Polo-like kinase 1 expression is a prognostic factor in human colon cancer.

作者信息

Weichert Wilko, Kristiansen Glen, Schmidt Mathias, Gekeler Volker, Noske Aurelia, Niesporek Silvia, Dietel Manfred, Denkert Carsten

机构信息

Institute of Pathology, Charite University Hospital, Schumannstrabe 20/21, Berlin 10117, Germany.

出版信息

World J Gastroenterol. 2005 Sep 28;11(36):5644-50. doi: 10.3748/wjg.v11.i36.5644.

Abstract

AIM

To clarify the expression patterns and prognostic implications of the mitotic regulator Polo-like kinase 1 (PLK1) in colon cancer.

METHODS

Expression of PLK1 was investigated by immunohistochemistry (158 cases) and immunoblotting in tissue of colon adenomas and adenocarcinomas.

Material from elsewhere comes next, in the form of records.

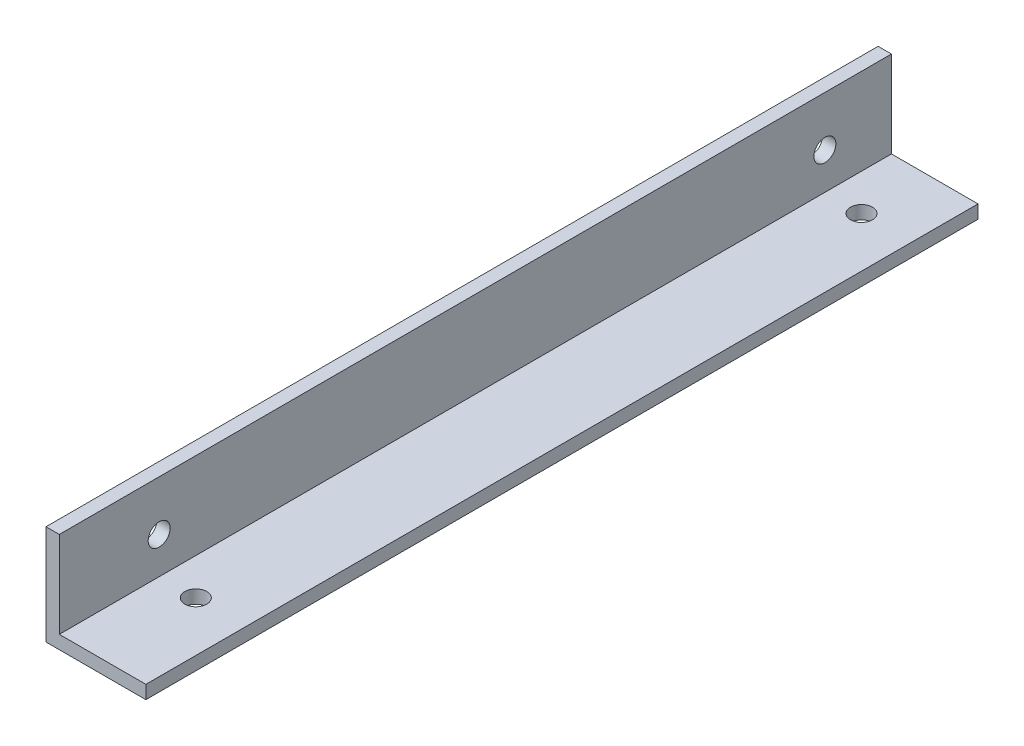
SolidWorks part; units mm, degrees
ref_plane "正面" through (0, 0, 0) normal (0, 0, 1) x (1, 0, 0)
ref_plane "平面" through (0, 0, 0) normal (0, 1, 0) x (1, 0, 0)
ref_plane "右側面" through (0, 0, 0) normal (1, 0, 0) x (0, 0, -1)
sketch "ｽｹｯﾁ1" plane through (0, 0, 0) normal (0, 0, 1) x (1, 0, 0)
  line L0 (0, 0) -> (15, 0)
  line L1 (15, 0) -> (15, 2)
  line L2 (15, 2) -> (2, 2)
  line L3 (2, 2) -> (2, 15)
  line L4 (2, 15) -> (0, 15)
  line L5 (0, 15) -> (0, 0)
  dimension "D1" = 15
  dimension "D2" = 15
  dimension "D3" = 2
  dimension "D4" = 2
extrude "ﾎﾞｽ - 押し出し1" add sketch "ｽｹｯﾁ1" along normal blind 125
sketch "ｽｹｯﾁ2" plane through (0, 0, 0) normal (-1, 0, 0) x (0, 0, 1)
  line L0 (0, 7.5) -> (10, 7.5)
  line L1 (0, 15) -> (0, 0) construction
  line L2 (10, 7.5) -> (110, 7.5)
  circle A0 centre (10, 7.5) radius 2.2
  circle A1 centre (110, 7.5) radius 2.2
  dimension "D3" = 4.4
  dimension "D4" = 4.4
  dimension "D1" = 10
  dimension "D2" = 100
sketch "ｽｹｯﾁ3" plane through (0, 0, 0) normal (0, -1, 0) x (-1, 0, 0)
  line L0 (-7.5, 0) -> (-7.5, -10)
  line L1 (0, 0) -> (-15, 0) construction
  line L2 (-7.5, -10) -> (-7.5, -110)
  circle A0 centre (-7.5, -10) radius 2.2
  circle A1 centre (-7.5, -110) radius 2.2
  dimension "D3" = 4.4
  dimension "D4" = 4.4
  dimension "D1" = 10
  dimension "D2" = 100
hole_wizard "M4x0.7 ねじ穴1" positions "3Dｽｹｯﾁ2" profile "ｽｹｯﾁ5" tap size "M4x0.7" standard "JIS"
sketch3d "3Dｽｹｯﾁ2"
  point P0 (7.5, 0, 10)
  point P3 (7.5, 0, 110)
  point P6 (0, 7.5, 110)
  point P9 (0, 7.5, 10)
sketch "ｽｹｯﾁ5" plane through (7.5, 0, 10) normal (1, 0, 0) x (0, 0, -1)
  line L0 (0, 0) -> (0, 12.4914)
  line L1 (0, 12.4914) -> (1.65, 11.5)
  line L2 (1.65, 11.5) -> (1.65, 0)
  line L5 (1.65, 0) -> (0, 0)
  line L10 (0, 12.4914) -> (-1.65, 11.5) construction
  line L11 (0, -6.35) -> (0, 107.95) construction
  dimension "ねじ下穴ﾄﾞﾘﾙ直径" = 3.3
  dimension "ねじ下穴ﾄﾞﾘﾙの深さ" = 11.5
  dimension "ﾄﾞﾘﾙ角度" = 118
cosmetic thread "穴のねじ山1" parameters "D1"=2, "D2"=4
cosmetic thread "穴のねじ山2" parameters "D1"=2, "D2"=4
cosmetic thread "穴のねじ山3" parameters "D1"=2, "D2"=4
cosmetic thread "穴のねじ山4" parameters "D1"=2, "D2"=4
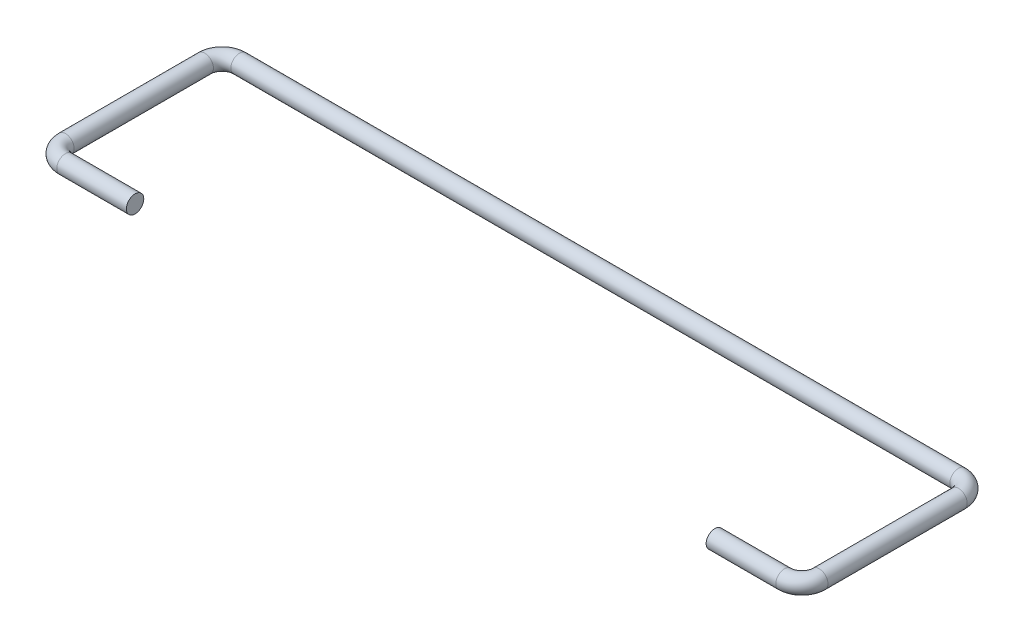
SolidWorks part; units mm, degrees
ref_plane "Front Plane" through (0, 0, 0) normal (0, 0, 1) x (1, 0, 0)
ref_plane "Top Plane" through (0, 0, 0) normal (0, 1, 0) x (1, 0, 0)
ref_plane "Right Plane" through (0, 0, 0) normal (1, 0, 0) x (0, 0, -1)
sketch "Sketch2" plane through (0, 0, 0) normal (0, 1, 0) x (1, 0, 0)
  line L0 (-55, 2.54) -> (-55, 22.86)
  line L1 (-52.46, 25.4) -> (52.46, 25.4)
  line L2 (55, 22.86) -> (55, 2.54)
  line L3 (-52.46, 0) -> (-42.3, 0)
  line L4 (52.46, 0) -> (42.3, 0)
  arc A0 (52.46, 25.4) -> (55, 22.86) centre (52.46, 22.86) cw
  arc A1 (-55, 22.86) -> (-52.46, 25.4) centre (-52.46, 22.86) cw
  arc A2 (55, 2.54) -> (52.46, 0) centre (52.46, 2.54) cw
  arc A3 (-55, 2.54) -> (-52.46, 0) centre (-52.46, 2.54) ccw
  point P13 (55, 0)
  point P16 (-55, 0)
  point P17 (0, 25.4)
  dimension "D1" = 2.54
  dimension "D4" = 2.54
  dimension "D2" = 110
  dimension "D3" = 12.7
  dimension "D5" = 25.4
ref_plane "Plane1" through (-42.3, 0, 0) normal (1, 0, 0) x (0, 0, -1)
sketch "Sketch4" plane through (-42.3, 0, 0) normal (1, 0, 0) x (0, 0, -1)
  circle A0 centre (0, 0) radius 1.27
  dimension "D1" = 2.54
sweep "Sweep3" add profiles "Sketch4" path "Sketch2"

PLK1 expression patterns were correlated with clinicopathological parameters and patient prognosis. In addition, expression of PLK1 was evaluated by immunoblot and PCR in colon carcinoma cell lines, and coexpression of PLK1 with the proliferation marker Ki-67 was investigated.

RESULTS

Weak PLK1 expression was observed in normal colon mucosa and adenomas. In contrast, 66.7% of carcinomas showed strong expression of PLK1. Overexpression of PLK1 correlated positively with Dukes stage (P<0.001), tumor stage (P = 0.001) and nodal status (P<0.05). Additionally, PLK1 expression was a prognostic marker in univariate survival analysis (P<0.01) and had independent prognostic significance (RR = 3.3, P = 0.02) in patients with locoregional disease. Expression of PLK1 mRNA and protein was detected in all cell lines investigated. Coexpression of PLK1 and Ki-67 was observed in the majority of colon cancer cells, but a considerable proportion of cells showed PLK1 positivity without Ki-67 expression.

CONCLUSION

PLK1 is a new prognostic marker for colon carcinoma patients and may be involved in tumorigenesis and progression of colon cancer. Strategies focusing on PLK1 inhibition in vivo might therefore represent a promising new therapeutic approach for this tumor entity.

摘要

目的

阐明有丝分裂调节因子Polo样激酶1(PLK1)在结肠癌中的表达模式及其预后意义。

方法

采用免疫组织化学法(158例)和免疫印迹法研究PLK1在结肠腺瘤和腺癌组织中的表达。将PLK1表达模式与临床病理参数及患者预后相关联。此外,通过免疫印迹和PCR评估PLK1在结肠癌细胞系中的表达,并研究PLK1与增殖标志物Ki-67的共表达情况。

结果

在正常结肠黏膜和腺瘤中观察到PLK1表达较弱。相比之下,66.7%的癌组织显示PLK1强表达。PLK1的过表达与Dukes分期(P<0.001)、肿瘤分期(P = 0.001)和淋巴结状态(P<0.05)呈正相关。此外,在单因素生存分析中,PLK1表达是一个预后标志物(P<0.01),并且在局部病变患者中具有独立的预后意义(RR = 3.3,P = 0.02)。在所研究的所有细胞系中均检测到PLK1 mRNA和蛋白的表达。在大多数结肠癌细胞中观察到PLK1和Ki-67的共表达,但相当一部分细胞显示PLK1阳性而无Ki-67表达。

结论

PLK1是结肠癌患者的一种新的预后标志物,可能参与结肠癌的发生和发展。因此,针对体内PLK1抑制的策略可能代表了针对这种肿瘤实体的一种有前景的新治疗方法。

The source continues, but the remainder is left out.